A disabled Labour MP has delivered a passionate call for action over the number of autistic people and people with learning difficulties who are “imprisoned” in inpatient mental health units.
Jen Craft told a fringe meeting at Labour’s annual party conference in Liverpool that the detention of people in such units for long periods of time in “completely unsuitable” environments was a “national scandal”.
The meeting was held to discuss the detention of autistic people and people with learning difficulties in locked NHS settings.
A report in May found there were still 2,045 such people detained in mental health hospitals at the end of March 2024, just a 30 per cent reduction in nine years.
Craft, who was elected as MP for Thurrock for the first time in July, told the meeting that there was a “real urgency” about the need to “end the scandal of people in locked settings”.

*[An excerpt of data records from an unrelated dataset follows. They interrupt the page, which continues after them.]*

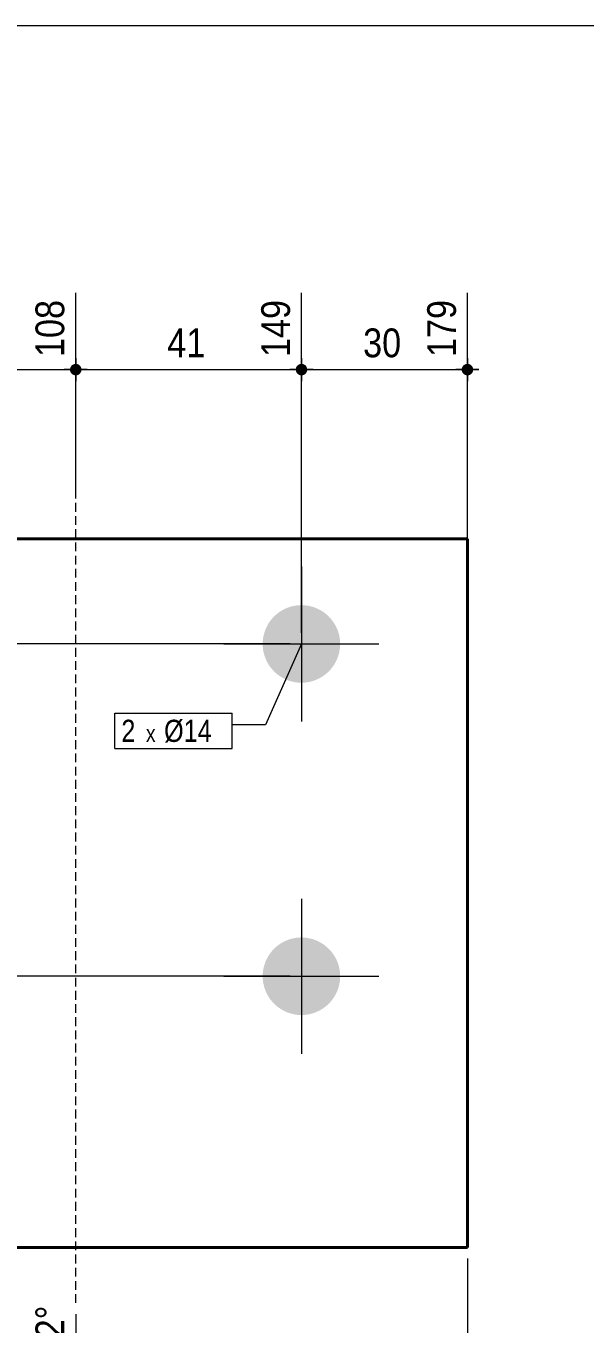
# Model space of a CAD drawing. Header units: millimetres. Extents: x 2 to 287, y 5 to 195.
# Drawn here: x 94.2 to 144.7, y 77.8 to 195 of the extents above; entities that cross this region are included whole.
import ezdxf

# ---------------------------------------------------------------- set-up
doc = ezdxf.new("R2010")
doc.units = ezdxf.units.MM
doc.linetypes.add('CACHE2', pattern=[1.190625, 0.79375, -0.396875])
for name, color, linetype, lineweight in [('Boulon', 7, 'Continuous', 0), ('Cache', 7, 'Continuous', 0), ('Cotation', 7, 'Continuous', 0), ('Désignation boulon', 3, 'Continuous', 0), ('Feuille dessin', 5, 'Continuous', 0), ('Piece', 2, 'Continuous', 0)]:
    doc.layers.add(name, color=color, linetype=linetype, lineweight=lineweight)
doc.styles.add('ARIAL', font='ARIAL.TTF')
doc.styles.add('COMIC_SANS_MS', font='COMIC.TTF')

# ---------------------------------------------------------------- blocks, each defined once
blk = doc.blocks.new('*A2')
at = {"layer": 'Boulon'}
for points in [[(118.98, 135.71), (118.89, 135.71), (118.8, 135.72), (118.72, 135.72), (118.63, 135.73), (118.55, 135.74), (118.46, 135.76), (118.38, 135.77), (118.29, 135.79), (118.21, 135.81), (118.13, 135.83), (118.05, 135.86), (117.96, 135.88), (117.88, 135.91), (117.8, 135.94), (117.72, 135.97), (117.64, 136.01), (117.57, 136.04), (117.49, 136.08), (117.41, 136.12), (117.34, 136.16), (117.26, 136.21), (117.19, 136.25), (117.12, 136.3), (117.05, 136.35), (116.98, 136.4), (116.91, 136.45), (116.84, 136.5), (116.78, 136.56), (116.71, 136.61), (116.65, 136.67), (116.59, 136.73), (116.53, 136.79), (116.47, 136.86), (116.41, 136.92), (116.36, 136.99), (116.3, 137.05), (116.25, 137.12), (116.2, 137.19), (116.15, 137.26), (116.1, 137.33), (116.06, 137.41), (116.02, 137.48), (115.98, 137.56), (115.94, 137.63), (115.9, 137.71), (115.86, 137.79), (115.83, 137.87), (115.8, 137.95), (115.77, 138.03), (115.74, 138.11), (115.71, 138.19), (115.69, 138.27), (115.67, 138.36), (115.65, 138.44), (115.63, 138.52), (115.61, 138.61), (115.6, 138.69), (115.59, 138.78), (115.58, 138.86), (115.57, 138.95), (115.57, 139.04), (115.56, 139.12), (115.56, 139.21), (115.56, 139.29), (115.57, 139.38), (115.57, 139.46), (115.58, 139.55), (115.59, 139.64), (115.6, 139.72), (115.61, 139.81), (115.63, 139.89), (115.65, 139.97), (115.67, 140.06), (115.69, 140.14), (115.71, 140.22), (115.74, 140.3), (115.77, 140.39), (115.8, 140.47), (115.83, 140.55), (115.86, 140.63), (115.9, 140.7), (115.94, 140.78), (115.98, 140.86), (116.02, 140.93), (116.06, 141.01), (116.1, 141.08), (116.15, 141.15), (116.2, 141.22), (116.25, 141.29), (116.3, 141.36), (116.36, 141.43), (116.41, 141.49), (116.47, 141.56), (116.53, 141.62), (116.59, 141.68), (116.65, 141.74), (116.71, 141.8), (116.78, 141.86), (116.84, 141.91), (116.91, 141.97), (116.98, 142.02), (117.05, 142.07), (117.12, 142.12), (117.19, 142.16), (117.26, 142.21), (117.34, 142.25), (117.41, 142.29), (117.49, 142.33), (117.57, 142.37), (117.64, 142.41), (117.72, 142.44), (117.8, 142.47), (117.88, 142.5), (117.96, 142.53), (118.05, 142.56), (118.13, 142.58), (118.21, 142.6), (118.29, 142.62), (118.38, 142.64), (118.46, 142.66), (118.55, 142.67), (118.63, 142.68), (118.72, 142.69), (118.8, 142.7), (118.89, 142.7), (118.98, 142.71), (119.06, 142.71), (119.15, 142.71), (119.23, 142.7), (119.32, 142.7), (119.4, 142.69), (119.49, 142.68), (119.58, 142.67), (119.66, 142.66), (119.74, 142.64), (119.83, 142.62), (119.91, 142.6), (120, 142.58), (120.08, 142.56), (120.16, 142.53), (120.24, 142.5), (120.32, 142.47), (120.4, 142.44), (120.48, 142.41), (120.56, 142.37), (120.64, 142.33), (120.71, 142.29), (120.79, 142.25), (120.86, 142.21), (120.93, 142.16), (121.01, 142.12), (121.08, 142.07), (121.15, 142.02), (121.22, 141.97), (121.28, 141.91), (121.35, 141.86), (121.41, 141.8), (121.48, 141.74), (121.54, 141.68), (121.6, 141.62), (121.66, 141.56), (121.71, 141.49), (121.77, 141.43), (121.82, 141.36), (121.87, 141.29), (121.92, 141.22), (121.97, 141.15), (122.02, 141.08), (122.06, 141.01), (122.11, 140.93), (122.15, 140.86), (122.19, 140.78), (122.23, 140.7), (122.26, 140.63), (122.3, 140.55), (122.33, 140.47), (122.36, 140.39), (122.39, 140.3), (122.41, 140.22), (122.44, 140.14), (122.46, 140.06), (122.48, 139.97), (122.49, 139.89), (122.51, 139.81), (122.52, 139.72), (122.54, 139.64), (122.54, 139.55), (122.55, 139.46), (122.56, 139.38), (122.56, 139.29), (122.56, 139.21), (122.56, 139.12), (122.56, 139.04), (122.55, 138.95), (122.54, 138.86), (122.54, 138.78), (122.52, 138.69), (122.51, 138.61), (122.49, 138.52), (122.48, 138.44), (122.46, 138.36), (122.44, 138.27), (122.41, 138.19), (122.39, 138.11), (122.36, 138.03), (122.33, 137.95), (122.3, 137.87), (122.26, 137.79), (122.23, 137.71), (122.19, 137.63), (122.15, 137.56), (122.11, 137.48), (122.06, 137.41), (122.02, 137.33), (121.97, 137.26), (121.92, 137.19), (121.87, 137.12), (121.82, 137.05), (121.77, 136.99), (121.71, 136.92), (121.66, 136.86), (121.6, 136.79), (121.54, 136.73), (121.48, 136.67), (121.41, 136.61), (121.35, 136.56), (121.28, 136.5), (121.22, 136.45), (121.15, 136.4), (121.08, 136.35), (121.01, 136.3), (120.93, 136.25), (120.86, 136.21), (120.79, 136.16), (120.71, 136.12), (120.64, 136.08), (120.56, 136.04), (120.48, 136.01), (120.4, 135.97), (120.32, 135.94), (120.24, 135.91), (120.16, 135.88), (120.08, 135.86), (120, 135.83), (119.91, 135.81), (119.83, 135.79), (119.74, 135.77), (119.66, 135.76), (119.58, 135.74), (119.49, 135.73), (119.4, 135.72), (119.32, 135.72), (119.23, 135.71), (119.15, 135.71), (119.06, 135.71)], [(118.98, 105.71), (118.89, 105.71), (118.8, 105.72), (118.72, 105.72), (118.63, 105.73), (118.55, 105.74), (118.46, 105.76), (118.38, 105.77), (118.29, 105.79), (118.21, 105.81), (118.13, 105.83), (118.05, 105.86), (117.96, 105.88), (117.88, 105.91), (117.8, 105.94), (117.72, 105.97), (117.64, 106.01), (117.57, 106.04), (117.49, 106.08), (117.41, 106.12), (117.34, 106.16), (117.26, 106.21), (117.19, 106.25), (117.12, 106.3), (117.05, 106.35), (116.98, 106.4), (116.91, 106.45), (116.84, 106.5), (116.78, 106.56), (116.71, 106.61), (116.65, 106.67), (116.59, 106.73), (116.53, 106.79), (116.47, 106.86), (116.41, 106.92), (116.36, 106.99), (116.3, 107.05), (116.25, 107.12), (116.2, 107.19), (116.15, 107.26), (116.1, 107.33), (116.06, 107.41), (116.02, 107.48), (115.98, 107.56), (115.94, 107.63), (115.9, 107.71), (115.86, 107.79), (115.83, 107.87), (115.8, 107.95), (115.77, 108.03), (115.74, 108.11), (115.71, 108.19), (115.69, 108.27), (115.67, 108.36), (115.65, 108.44), (115.63, 108.52), (115.61, 108.61), (115.6, 108.69), (115.59, 108.78), (115.58, 108.86), (115.57, 108.95), (115.57, 109.04), (115.56, 109.12), (115.56, 109.21), (115.56, 109.29), (115.57, 109.38), (115.57, 109.46), (115.58, 109.55), (115.59, 109.64), (115.6, 109.72), (115.61, 109.81), (115.63, 109.89), (115.65, 109.97), (115.67, 110.06), (115.69, 110.14), (115.71, 110.22), (115.74, 110.3), (115.77, 110.39), (115.8, 110.47), (115.83, 110.55), (115.86, 110.63), (115.9, 110.7), (115.94, 110.78), (115.98, 110.86), (116.02, 110.93), (116.06, 111.01), (116.1, 111.08), (116.15, 111.15), (116.2, 111.22), (116.25, 111.29), (116.3, 111.36), (116.36, 111.43), (116.41, 111.49), (116.47, 111.56), (116.53, 111.62), (116.59, 111.68), (116.65, 111.74), (116.71, 111.8), (116.78, 111.86), (116.84, 111.91), (116.91, 111.97), (116.98, 112.02), (117.05, 112.07), (117.12, 112.12), (117.19, 112.16), (117.26, 112.21), (117.34, 112.25), (117.41, 112.29), (117.49, 112.33), (117.57, 112.37), (117.64, 112.41), (117.72, 112.44), (117.8, 112.47), (117.88, 112.5), (117.96, 112.53), (118.05, 112.56), (118.13, 112.58), (118.21, 112.6), (118.29, 112.62), (118.38, 112.64), (118.46, 112.66), (118.55, 112.67), (118.63, 112.68), (118.72, 112.69), (118.8, 112.7), (118.89, 112.7), (118.98, 112.71), (119.06, 112.71), (119.15, 112.71), (119.23, 112.7), (119.32, 112.7), (119.4, 112.69), (119.49, 112.68), (119.58, 112.67), (119.66, 112.66), (119.74, 112.64), (119.83, 112.62), (119.91, 112.6), (120, 112.58), (120.08, 112.56), (120.16, 112.53), (120.24, 112.5), (120.32, 112.47), (120.4, 112.44), (120.48, 112.41), (120.56, 112.37), (120.64, 112.33), (120.71, 112.29), (120.79, 112.25), (120.86, 112.21), (120.93, 112.16), (121.01, 112.12), (121.08, 112.07), (121.15, 112.02), (121.22, 111.97), (121.28, 111.91), (121.35, 111.86), (121.41, 111.8), (121.48, 111.74), (121.54, 111.68), (121.6, 111.62), (121.66, 111.56), (121.71, 111.49), (121.77, 111.43), (121.82, 111.36), (121.87, 111.29), (121.92, 111.22), (121.97, 111.15), (122.02, 111.08), (122.06, 111.01), (122.11, 110.93), (122.15, 110.86), (122.19, 110.78), (122.23, 110.7), (122.26, 110.63), (122.3, 110.55), (122.33, 110.47), (122.36, 110.39), (122.39, 110.3), (122.41, 110.22), (122.44, 110.14), (122.46, 110.06), (122.48, 109.97), (122.49, 109.89), (122.51, 109.81), (122.52, 109.72), (122.54, 109.64), (122.54, 109.55), (122.55, 109.46), (122.56, 109.38), (122.56, 109.29), (122.56, 109.21), (122.56, 109.12), (122.56, 109.04), (122.55, 108.95), (122.54, 108.86), (122.54, 108.78), (122.52, 108.69), (122.51, 108.61), (122.49, 108.52), (122.48, 108.44), (122.46, 108.36), (122.44, 108.27), (122.41, 108.19), (122.39, 108.11), (122.36, 108.03), (122.33, 107.95), (122.3, 107.87), (122.26, 107.79), (122.23, 107.71), (122.19, 107.63), (122.15, 107.56), (122.11, 107.48), (122.06, 107.41), (122.02, 107.33), (121.97, 107.26), (121.92, 107.19), (121.87, 107.12), (121.82, 107.05), (121.77, 106.99), (121.71, 106.92), (121.66, 106.86), (121.6, 106.79), (121.54, 106.73), (121.48, 106.67), (121.41, 106.61), (121.35, 106.56), (121.28, 106.5), (121.22, 106.45), (121.15, 106.4), (121.08, 106.35), (121.01, 106.3), (120.93, 106.25), (120.86, 106.21), (120.79, 106.16), (120.71, 106.12), (120.64, 106.08), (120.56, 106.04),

She said: “I think for people that are experiencing this right now, change can’t come soon enough.”
She also pointed to the ongoing impact on a disabled person after they have left a locked unit, because of the damaged trust in services felt by them and their family after such an “incarceration”, which means it is “almost impossible” to recover from such “wrongful imprisonment”.
She said: “How can you, if you’re an individual that has experienced that, how can you trust someone that’s coming in and saying, ‘These are the things you need to do, this is how I’m going to help you’?”
She and others attending the meeting had watched a video of an autistic woman, Bethany, whose past detention in a locked unit has previously been highlighted in the media.
Her dad, Jeremy, says in the video that the family were told that the unit his daughter was going to be placed in would be “therapeutic” and that she would have the chance to take part in “animal therapy, music therapy, drama therapy”.
Instead, she was “tormented” by her surroundings and deliberately behaved in a way that meant she was placed in seclusion.
He said: “The periods of seclusion went from half an hour to an hour to half a day to a day, and eventually they stopped opening the door.”
The room was just 12 feet by 18 feet and had nothing but a mattress on the floor.
Jeremy said the “brutal” conditions led to a “spiral of descent into distress” for his daughter.
He said: “The impact of that is a person is left in a setting that’s distressing them, and it makes them even more ill, so they get more medication.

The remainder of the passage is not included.